*Your assignment*
Both the line with "#87=CARTESIAN_POINT('',(0.,60.,0.));" and the line with "#99=CLOSED_SHELL('',(#46,#74,#86,#98));" in the records below must appear in the output, along with every line between them, exactly and with nothing added.

(Stored data)

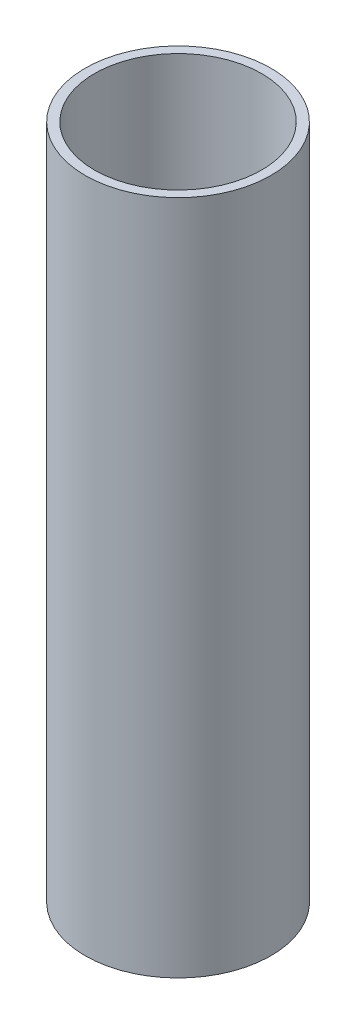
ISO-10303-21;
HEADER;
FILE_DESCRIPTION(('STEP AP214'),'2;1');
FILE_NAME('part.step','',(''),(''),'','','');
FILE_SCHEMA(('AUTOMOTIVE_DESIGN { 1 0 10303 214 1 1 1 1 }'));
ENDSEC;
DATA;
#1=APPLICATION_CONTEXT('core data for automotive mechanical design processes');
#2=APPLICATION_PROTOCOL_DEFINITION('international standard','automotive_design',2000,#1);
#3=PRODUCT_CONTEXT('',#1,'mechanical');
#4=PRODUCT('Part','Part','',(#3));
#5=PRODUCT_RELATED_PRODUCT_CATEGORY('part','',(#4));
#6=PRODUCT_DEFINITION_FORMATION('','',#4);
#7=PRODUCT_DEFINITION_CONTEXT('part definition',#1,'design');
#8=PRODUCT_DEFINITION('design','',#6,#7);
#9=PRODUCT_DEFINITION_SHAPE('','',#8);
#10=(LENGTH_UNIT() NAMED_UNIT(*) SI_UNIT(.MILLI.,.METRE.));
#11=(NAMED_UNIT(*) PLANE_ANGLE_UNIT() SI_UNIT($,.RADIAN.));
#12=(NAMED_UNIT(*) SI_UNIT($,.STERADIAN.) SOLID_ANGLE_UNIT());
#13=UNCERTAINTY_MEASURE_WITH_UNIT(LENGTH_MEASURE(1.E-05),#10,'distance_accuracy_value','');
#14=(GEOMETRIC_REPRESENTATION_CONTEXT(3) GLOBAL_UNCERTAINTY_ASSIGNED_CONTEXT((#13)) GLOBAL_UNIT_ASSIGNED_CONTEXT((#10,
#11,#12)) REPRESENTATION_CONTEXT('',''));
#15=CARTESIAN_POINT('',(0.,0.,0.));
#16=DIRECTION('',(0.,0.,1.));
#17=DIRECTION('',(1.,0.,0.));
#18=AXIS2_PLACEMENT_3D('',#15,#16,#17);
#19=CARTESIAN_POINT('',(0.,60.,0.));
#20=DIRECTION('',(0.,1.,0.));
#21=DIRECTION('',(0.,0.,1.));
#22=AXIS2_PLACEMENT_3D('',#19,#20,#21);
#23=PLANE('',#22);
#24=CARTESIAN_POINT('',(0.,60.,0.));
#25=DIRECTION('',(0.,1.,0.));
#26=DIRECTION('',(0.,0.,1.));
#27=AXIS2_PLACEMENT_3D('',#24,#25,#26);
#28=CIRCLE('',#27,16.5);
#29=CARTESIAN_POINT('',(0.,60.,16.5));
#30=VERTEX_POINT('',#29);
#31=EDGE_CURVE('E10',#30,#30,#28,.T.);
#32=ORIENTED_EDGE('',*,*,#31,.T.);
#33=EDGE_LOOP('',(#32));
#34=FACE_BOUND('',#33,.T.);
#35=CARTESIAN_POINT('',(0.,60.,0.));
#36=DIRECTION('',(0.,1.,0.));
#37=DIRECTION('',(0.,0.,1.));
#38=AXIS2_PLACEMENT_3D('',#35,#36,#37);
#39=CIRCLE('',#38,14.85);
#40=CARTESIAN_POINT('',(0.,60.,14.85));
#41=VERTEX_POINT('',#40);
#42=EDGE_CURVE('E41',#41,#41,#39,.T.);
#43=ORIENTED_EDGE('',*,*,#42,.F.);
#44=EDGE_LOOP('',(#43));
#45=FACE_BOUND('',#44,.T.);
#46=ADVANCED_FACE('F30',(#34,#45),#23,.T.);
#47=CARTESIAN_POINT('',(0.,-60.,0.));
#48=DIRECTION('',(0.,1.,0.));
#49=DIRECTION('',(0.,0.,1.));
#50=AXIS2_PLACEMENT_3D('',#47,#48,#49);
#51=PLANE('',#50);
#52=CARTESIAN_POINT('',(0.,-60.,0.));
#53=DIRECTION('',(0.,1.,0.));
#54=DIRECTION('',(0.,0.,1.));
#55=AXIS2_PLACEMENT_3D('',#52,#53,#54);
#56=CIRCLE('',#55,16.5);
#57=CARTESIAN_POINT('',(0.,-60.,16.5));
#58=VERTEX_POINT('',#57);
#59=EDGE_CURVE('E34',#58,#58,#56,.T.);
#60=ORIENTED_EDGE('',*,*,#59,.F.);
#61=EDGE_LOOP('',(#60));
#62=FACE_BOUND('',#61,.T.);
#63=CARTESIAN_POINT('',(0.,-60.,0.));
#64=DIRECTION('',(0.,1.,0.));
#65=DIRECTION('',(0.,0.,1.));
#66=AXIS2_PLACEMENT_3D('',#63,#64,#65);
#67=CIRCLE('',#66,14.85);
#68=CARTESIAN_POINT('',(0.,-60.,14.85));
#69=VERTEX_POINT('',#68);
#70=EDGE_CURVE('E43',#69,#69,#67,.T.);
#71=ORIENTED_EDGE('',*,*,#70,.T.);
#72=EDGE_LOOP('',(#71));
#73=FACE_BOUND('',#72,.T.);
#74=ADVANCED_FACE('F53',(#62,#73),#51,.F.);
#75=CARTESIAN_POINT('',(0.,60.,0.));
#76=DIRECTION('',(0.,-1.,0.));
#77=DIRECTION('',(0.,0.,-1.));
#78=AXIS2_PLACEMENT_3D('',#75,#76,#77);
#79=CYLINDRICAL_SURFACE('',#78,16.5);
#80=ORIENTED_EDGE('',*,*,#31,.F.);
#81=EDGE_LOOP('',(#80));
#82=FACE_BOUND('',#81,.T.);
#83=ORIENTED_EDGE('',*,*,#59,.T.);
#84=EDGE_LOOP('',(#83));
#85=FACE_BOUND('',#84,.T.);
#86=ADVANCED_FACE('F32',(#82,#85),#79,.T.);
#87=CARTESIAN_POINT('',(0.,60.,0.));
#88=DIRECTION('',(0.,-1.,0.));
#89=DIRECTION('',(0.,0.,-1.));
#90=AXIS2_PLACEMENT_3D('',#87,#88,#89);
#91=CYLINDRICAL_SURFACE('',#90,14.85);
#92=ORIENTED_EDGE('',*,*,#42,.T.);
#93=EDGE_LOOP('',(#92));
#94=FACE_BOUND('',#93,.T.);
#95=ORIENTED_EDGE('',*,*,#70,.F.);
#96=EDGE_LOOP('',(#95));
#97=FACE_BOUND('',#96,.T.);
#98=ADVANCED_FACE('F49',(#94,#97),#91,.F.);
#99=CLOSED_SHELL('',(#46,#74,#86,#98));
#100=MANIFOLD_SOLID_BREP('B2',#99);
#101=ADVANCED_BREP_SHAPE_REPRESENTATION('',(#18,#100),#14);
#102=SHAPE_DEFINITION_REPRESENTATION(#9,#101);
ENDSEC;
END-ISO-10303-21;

*The completed task*
#87=CARTESIAN_POINT('',(0.,60.,0.));
#88=DIRECTION('',(0.,-1.,0.));
#89=DIRECTION('',(0.,0.,-1.));
#90=AXIS2_PLACEMENT_3D('',#87,#88,#89);
#91=CYLINDRICAL_SURFACE('',#90,14.85);
#92=ORIENTED_EDGE('',*,*,#42,.T.);
#93=EDGE_LOOP('',(#92));
#94=FACE_BOUND('',#93,.T.);
#95=ORIENTED_EDGE('',*,*,#70,.F.);
#96=EDGE_LOOP('',(#95));
#97=FACE_BOUND('',#96,.T.);
#98=ADVANCED_FACE('F49',(#94,#97),#91,.F.);
#99=CLOSED_SHELL('',(#46,#74,#86,#98));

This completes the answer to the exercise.